# Newbie over 40 TTC #1



## Shelbo76 (Aug 16, 2017)

Hi there, been lurking for a while but yet to post.

I've just turned 41 and by OH and I have been trying for a year now. I've always wanted to have children but sadly found myself single for most of my adult life and I even considered going it alone in the run up to my 40th last year as my hopes and dreams of having a stable family seemed to be slipping away.  I'd given up on finding the illusive 'One' so signed up to Tinder just for a little fun (if you can't beat 'em, join 'em!) and lo and behold I met my OH who seemed too good to be true as we clicked before we even met in person. After a whirlwind 5 months of dating we agreed to start trying, I had to pinch myself a few times to believe it was really happening to me! Whilst I wasn't under any illusions that it would happen straightaway you can't help but hope every month and feel a little disheartened every time AF shows up!

So here I am 12 months after coming off the pill and no sign of a BFP so far, I think I may have had a chemical in May as I was a week late whilst on holiday and my BBT didn't drop down to it's normal pre-ovulation range till CD11/12. My OH and I don't currently live together because he's a carer for his elderly father so we only regularly see each other at weekends but we try to time BDing around ovulation. I started tracking my cycles in February as I wanted to have a rough idea of when I ovulated in my cycle to take some of the guess work out, however I have since learned that my cycles are an irregular length varying between 17 and 37 days at the extremes. I went to my GP after 6 months who agreed to do blood tests so I had Day 3 FSH/LH, Day 21 Progesterone, TSH, Prolactin, Oestradiol and Testosterone which all seemed in normal range. 

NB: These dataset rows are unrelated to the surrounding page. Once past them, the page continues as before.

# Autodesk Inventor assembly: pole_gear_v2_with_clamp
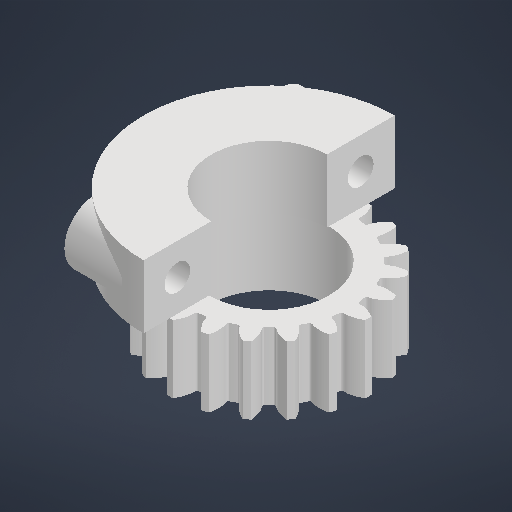
[picture p0: Inventor's stored thumbnail of the model, 512x512]
Saved by Autodesk Inventor 2026.2 (Build 302298000, 298)
## iProperties
Created: 2026-01-14
Part Number: pole_gear_v2_with_clamp
Document SubType Name: Assembly
Designer: User
Author: User
## Documents named in this file (3)
- C:\Users\User\Capstone\parts\turret assembly v2\pole_gear_v2_with_clamp.iam
- C:\Users\User\Capstone\parts\turret assembly v2\pole_gear_v2.ipt
- C:\Users\User\Capstone\parts\turret assembly v2\clamp_bolt.ipt
## Components (2 placed, 2 different names)
1. pole_gear_v2:1 — Mate:1, Mate:2
2. clamp_bolt:1 — Mate:1, Mate:2
## Relationships (2: Mate 2)
- Mate:1: pole_gear_v2:1 ↔ clamp_bolt:1
- Mate:2: pole_gear_v2:1 ↔ clamp_bolt:1
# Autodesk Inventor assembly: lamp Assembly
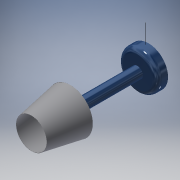
[picture p0: Inventor's stored thumbnail of the model, 180x180]
Saved by Autodesk Inventor 2017 (Build 210142000, 142)
## iProperties
Created: 2017-02-28
Part Number: lamp Assembly
Document SubType Name: Assembly
Designer: Ryan, Jaden, Caleb, Jordan
Engineer: Ryan, Jaden, Caleb, Jordan
Authority: Ryan, Jaden, Caleb, Jordan
Author: Ryan, Jaden, Caleb, Jordan
## Documents named in this file (5)
- C:\Users\rbibb\Desktop\lamp Assembly.iam
- C:\Users\rbibb\AppData\Local\Autodesk\Autodesk Sync\Cloud\rbibby53\S2\Unit 6\Lightbulb-cordair.ipt
- C:\Users\rbibb\Desktop\plug.ipt
- C:\Users\rbibb\Desktop\lam post.ipt
- C:\Users\rbibb\AppData\Local\Autodesk\Autodesk Sync\Cloud\rbibby53\S2\Unit 6\Lamp shade.ipt
## Components (4 placed, 4 different names)
1. Lightbulb-cordair:1 — Mate:1, Cylindrical:1
2. plug:1
3. lam post:1 — Mate:1, Cylindrical:1, Rotational:1
4. Lamp shade:1 — Rotational:1
## Relationships (3: Mate 1, CylindricalJoint 1, RevoluteJoint 1)
- Mate:1: Lightbulb-cordair:1 ↔ lam post:1
- Cylindrical:1: Lightbulb-cordair:1 ↔ lam post:1
- Rotational:1 [RevoluteJoint]: lam post:1 ↔ Lamp shade:1
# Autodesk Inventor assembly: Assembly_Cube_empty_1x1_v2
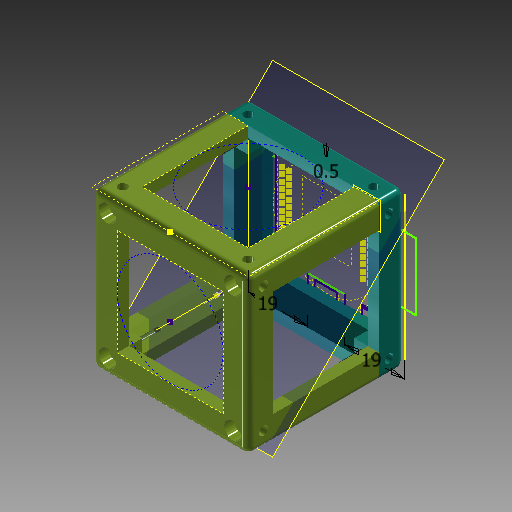
[picture p0: Inventor's stored thumbnail of the model, 512x512]
Saved by Autodesk Inventor 2019.4 (Build 234330000, 330)
## iProperties
Created: 2018-06-11
Part Number: Assembly_Cube_empty_1x1_v2
Material: Generisch
Document SubType Name: Assembly
Designer: diederichbenedict
Mass: 28.3962 g
Surface Area: 161.576 cm^2
Volume: 24.38 cm^3
Density: 1.16473 g/cm^3
Author: diederichbenedict
## Documents named in this file (4)
- D:\Dropbox\UC2\02_CAD\INVENTOR\uc2_v2\Assembly_Cube_empty_1x1_v2.iam
- D:\Dropbox\UC2\02_CAD\INVENTOR\uc2_v2\10_Cube_1x1_v2.ipt
- D:\Dropbox\UC2\02_CAD\INVENTOR\uc2_v2\10_Lid_1x1_v2.ipt
- D:\Dropbox\UC2\02_CAD\INVENTOR\uc2_v2\DIN 912 - M3 x 0,5 x 12 x 10,75.ipt
## Components (6 placed, 3 different names)
1. 10_Cube_1x1_v2:1 — Mate:3, Mate:2
2. 10_Lid_1x1_v2:1 — Mate:3, Mate:2, Flush:3, Flush:4, Flush:5, Insert:20, Insert:21, Insert:22, Insert:23
3. DIN 912 - ersetzt durch DIN EN ISO 4762 M3 x 12:5 — Insert:21
4. DIN 912 - ersetzt durch DIN EN ISO 4762 M3 x 12:6 — Insert:23
5. DIN 912 - ersetzt durch DIN EN ISO 4762 M3 x 12:7 — Insert:20
6. DIN 912 - ersetzt durch DIN EN ISO 4762 M3 x 12:8 — Insert:22
## Relationships (9: Insert 4, Flush 3, Mate 2)
- Mate:3: 10_Cube_1x1_v2:1 ↔ 10_Lid_1x1_v2:1
- Mate:2: 10_Cube_1x1_v2:1 ↔ 10_Lid_1x1_v2:1
- Flush:3: 10_Lid_1x1_v2:1
- Flush:4: 10_Lid_1x1_v2:1
- Flush:5: 10_Lid_1x1_v2:1
- Insert:20: 10_Lid_1x1_v2:1 ↔ DIN 912 - ersetzt durch DIN EN ISO 4762 M3 x 12:7
- Insert:21: 10_Lid_1x1_v2:1 ↔ DIN 912 - ersetzt durch DIN EN ISO 4762 M3 x 12:5
- Insert:22: 10_Lid_1x1_v2:1 ↔ DIN 912 - ersetzt durch DIN EN ISO 4762 M3 x 12:8
- Insert:23: 10_Lid_1x1_v2:1 ↔ DIN 912 - ersetzt durch DIN EN ISO 4762 M3 x 12:6

I went back to my GP last month to see if I could get referred for further investigations and I've been so lucky as we had our first appointment on Tuesday with the Fertility Nurse so I'm relieved that things are moving in the right direction. It all feels a bit of a blur but she ordered SA for my OH (as he's not had this yet), an ultrasound and HSG for me plus a repeat of some of my bloods (FSH/LH, Progesterone and TSH) plus a Rubella test.  I realise with all the excitement and information to take in I didn't ask about AMH tests, I'm aware that you have to pay for these so would I still be able to get them done via NHS hospital?  As I'm not likely to get a follow up appointment to go through my results until December I'll probably see if I can get my AMH done privately as think a place locally does it for £80.

I also need to work on my weight as my BMI is currently over 30 so I can imagine that may be playing a part in my fertility and erratic cycle length. I used to be quite active and a regular gym goer but because I've been working on some high profile projects for the last 2 years my weight has gradually crept up 2 stone and I'm now 4 stone over my 'ideal weight' and I feel that it's definitely taken a toll on body, both physically and mentally and am definitely feeling my age and probably older! I'm half hoping we can fall pregnant soon so I can take a career break but I'm aware that stress is also likely affecting my fertility too so it's catch 22  . So I'm trying to take steps to manage this, OH have signed up for joint gym membership which starts on 1 Oct and although I eat a healthy diet most of the time, I'm making a conscious effort to eat healthily and not skip meals and I'm hoping the exercise will also help with the stress/emotional side of things.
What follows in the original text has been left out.